Your objective => Print only the lines from the top of the data through the line with "from ezdxf.enums import", both included, skipping every picture.

Saved entries:
————
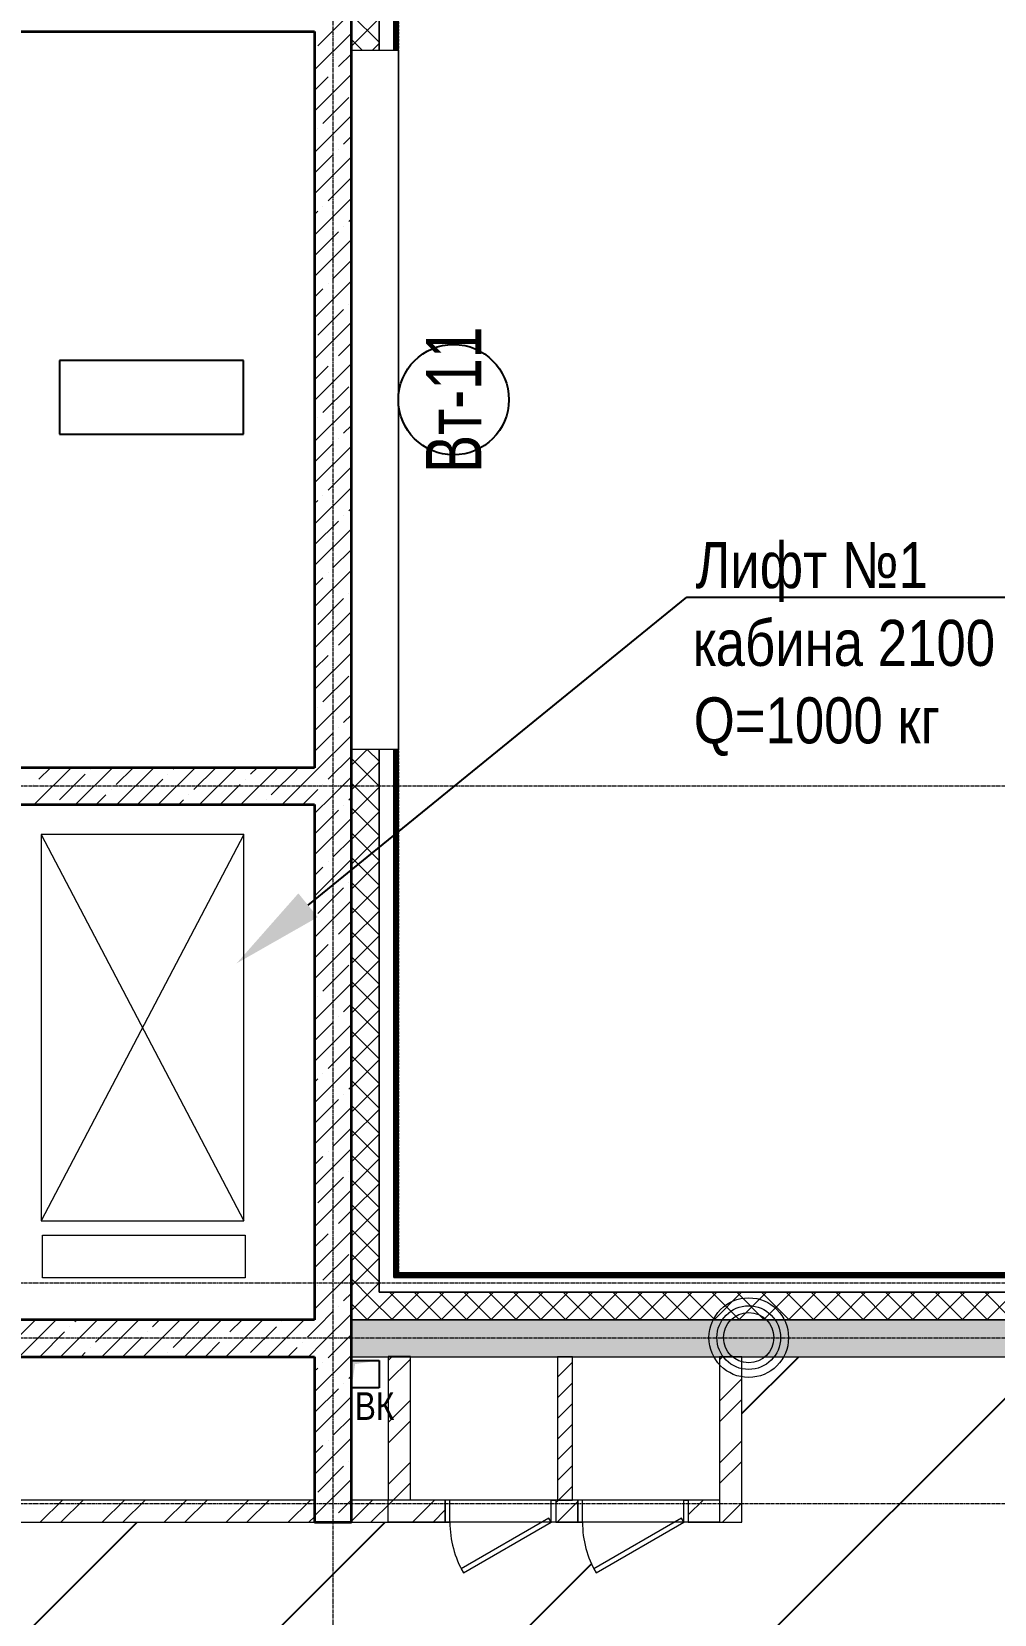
# Model space of a CAD drawing. Header units: millimetres. Extents: x 538266 to 1167394, y 114608 to 637157.
# Drawn here: x 847701 to 852930, y 147313 to 155913 of the extents above; entities that cross this region are included whole.
import ezdxf
from ezdxf.enums import TextEntityAlignment as Align

# ---------------------------------------------------------------- set-up
doc = ezdxf.new("R2010")
doc.units = ezdxf.units.MM
doc.linetypes.add('CENTER2', pattern=[28.575, 19.05, -3.175, 3.175, -3.175])
doc.linetypes.add('DASHED', pattern=[19.05, 12.7, -6.35])
doc.layers.get('Defpoints').update_dxf_attribs({"color": 140})
for name, color, linetype, lineweight in [('A-Wall-Open', 31, 'Continuous', 5), ('АР_Витраж марка', 140, 'Continuous', 9), ('АР_Отметка', 7, 'Continuous', 13), ('АР_Стены ЖБ', 7, 'Continuous', 35), ('АР_Стены кирпич', 32, 'Continuous', 20), ('АР_Стены ПЕНОблок', 52, 'Continuous', 20), ('АР_Тонкая', 254, 'Continuous', 5), ('АР_Утеплитель', 31, 'Continuous', 0), ('АР_Штриховка', 8, 'Continuous', 0), ('ВК_Шахты', 5, 'Continuous', 9), ('Двери кабины', 252, 'Continuous', 0), ('ТХ_Оборудование', 15, 'Continuous', 9)]:
    doc.layers.add(name, color=color, linetype=linetype, lineweight=lineweight)
for name, color, linetype, lineweight, plot in [('АР_Делит', 120, 'Continuous', 0, False), ('РД_Витраж_проем', 80, 'Continuous', 0, False), ('РД_Проем', 230, 'Continuous', 0, False)]:
    doc.layers.add(name, color=color, linetype=linetype, lineweight=lineweight, plot=plot)
doc.layers.add('РД_Оси_100', color=7, linetype='Continuous', lineweight=0, true_color=0x525252)
doc.layers.add('РД_проем_инж перемыч_подсчет', color=50, linetype='Continuous', plot=False)
doc.layers.add('ФВ-5', color=7, linetype='Continuous')
doc.styles.add('Arial_09', font='ARIALN.TTF', dxfattribs={"width": 0.9})
doc.styles.add('style1', font='ARIALN.TTF')

# ---------------------------------------------------------------- blocks, each defined once
blk = doc.blocks.new('МаркаВитража1')
at = {"layer": 'Defpoints'}
blk.add_circle((0, 0), 3, dxfattribs=at)
at = {"color": 0, "linetype": 'ByBlock', "lineweight": -2, "style": 'Arial_09', "width": 0.9}
blk.add_attdef('АР-ОКНО:НАИМЕНОВАНИЕ', text='', height=3, dxfattribs=at).set_placement((0, 0), align=Align.MIDDLE)
blk = doc.blocks.new('2_этаж')
at = {"layer": 'АР_Штриховка', "linetype": 'Continuous', "lineweight": 0, "true_color": 0x000000}
h = blk.add_hatch(dxfattribs=at)
h.set_pattern_fill('ANSI37', color=18, scale=30, angle=-360, style=0)
h.set_pattern_definition([(45, (602274.53, 0), (-67.35192, 67.35192), []), (135, (602274.53, 0), (-67.35192, -67.35192), [])])
h.paths.add_polyline_path([(693223.6, 156113.2), (693073.6, 156113.2), (693073.6, 155813.2), (693223.6, 155813.2)], flags=0)
h.paths.add_polyline_path([(693223.6, 152013.2), (693073.6, 152013.2), (693073.6, 148913.2), (693223.6, 149063.2)], flags=0)
h = blk.add_hatch(dxfattribs=at)
h.set_pattern_fill('_U', color=18, angle=-360, style=0, pattern_type=0)
h.set_pattern_definition([(7e-12, (602274.5291, 0), (4e-17, 1), [])])
h.paths.add_polyline_path([(693328.6, 156113.2), (693303.6, 156113.2), (693303.6, 155813.2), (693328.6, 155813.2)], flags=0)
h.paths.add_polyline_path([(693328.6, 152013.2), (693303.6, 152013.2), (693303.6, 149143.2), (693328.6, 149168.2)], flags=0)
h = blk.add_hatch(dxfattribs=at)
h.set_pattern_fill('_U', color=18, style=0, pattern_type=0)
h.set_pattern_definition([(360, (602274.5291, 1e-08), (2e-13, 1), [])])
h.paths.add_polyline_path([(693328.6, 149168.2), (693303.6, 149143.2), (699673.6, 149143.2), (699673.6, 149168.2)], flags=0)
h = blk.add_hatch(dxfattribs=at)
h.set_pattern_fill('ANSI37', color=18, scale=30, style=0)
h.set_pattern_definition([(45, (602274.53, 1e-08), (-67.35192, 67.35192), []), (135, (602274.53, 1e-08), (-67.35192, -67.35192), [])])
h.paths.add_polyline_path([(693223.6, 149063.2), (693073.6, 148913.2), (699673.6, 148913.2), (699673.6, 149063.2)], flags=0)
h = blk.add_hatch(dxfattribs=at)
h.set_pattern_fill('AR-CONC', color=18, style=0)
h.set_pattern_definition([(50, (602274.53, 1e-08), (182.18467, -15.93909), [19.05, -209.55]), (355, (602274.53, 1e-08), (-35.24342, 191.05685), [15.24, -167.64058]), (100.45144, (602289.71, -1.33), (146.94125, 175.11775), [16.19, -178.09024]), (46.1842, (602274.53, 50.8), (271.07904, -42.04233), [28.575, -314.325]), (96.63556, (602297.12, 47.3), (237.40413, 247.42612), [24.28502, -267.1356]), (351.18415, (602274.53, 50.8), (237.40413, 247.42612), [22.85997, -251.45973]), (21, (602299.93, 38.1), (151.61439, -102.2652), [19.05, -209.55]), (326, (602299.93, 38.1), (61.80203, 184.18797), [15.24, -167.64]), (71.45144, (602312.56, 29.58), (213.41642, 81.92277), [16.19, -178.08994]), (37.5, (602274.53, 1e-08), (3.088603, 84.55504), [0, -165.608, 0, -170.18, 0, -168.275]), (7.5, (602274.53, 1e-08), (66.819663, 100.180575), [0, -97.028, 0, -161.798, 0, -64.135]), (327.5, (602217.89, 1e-08), (135.590595, -5.728744), [0, -63.5, 0, -198.12, 0, -262.89]), (317.5, (602192.49, 1e-08), (148.12918, 25.42649), [0, -82.55, 0, -131.572, 0, -186.69])])
h.paths.add_polyline_path([(693073.6, 148913.2), (693073.6, 148713.2), (699673.6, 148713.2), (699673.6, 148913.2)], flags=0)
h = blk.add_hatch(dxfattribs=at)
h.set_pattern_fill('ANSI32', color=18, scale=25, angle=-360, style=0)
h.set_pattern_definition([(45, (602274.53, 0), (-168.3798, 168.3798), []), (45, (602386.78, 0), (-168.3798, 168.3798), [])])
h.paths.add_polyline_path([(693393.6, 148714.1), (693273.6, 148714.1), (693273.6, 147933.3), (693313.6, 147903.3), (693393.6, 147933.4)], flags=0)
at = {"layer": 'АР_Штриховка', "linetype": 'Continuous', "lineweight": 0, "ltscale": 0.5, "true_color": 0x000000}
h = blk.add_hatch(dxfattribs=at)
h.set_pattern_fill('ANSI31', color=18, scale=25, style=0)
h.set_pattern_definition([(45, (602274.53, 0), (-56.1266, 56.1266), [])])
h.paths.add_polyline_path([(694193.6, 147933.8), (694273.6, 147933.8), (694273.6, 148713.2), (694193.6, 148713.2)], flags=0)
at = {"layer": 'АР_Штриховка', "linetype": 'Continuous', "lineweight": 0, "true_color": 0x000000}
h = blk.add_hatch(dxfattribs=at)
h.set_pattern_fill('ANSI32', color=18, scale=25, angle=-360, style=0)
h.set_pattern_definition([(45, (602274.53, 3e-11), (-168.3798, 168.3798), []), (45, (602386.78, 3e-11), (-168.3798, 168.3798), [])])
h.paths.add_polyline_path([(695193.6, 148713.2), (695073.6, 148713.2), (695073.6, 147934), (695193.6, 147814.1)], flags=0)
————
Written response =>
# Model space of a CAD drawing. Header units: millimetres. Extents: x 538266 to 1167394, y 114608 to 637157.
# Drawn here: x 847701 to 852930, y 147313 to 155913 of the extents above; entities that cross this region are included whole.
import ezdxf
from ezdxf.enums import TextEntityAlignment as Align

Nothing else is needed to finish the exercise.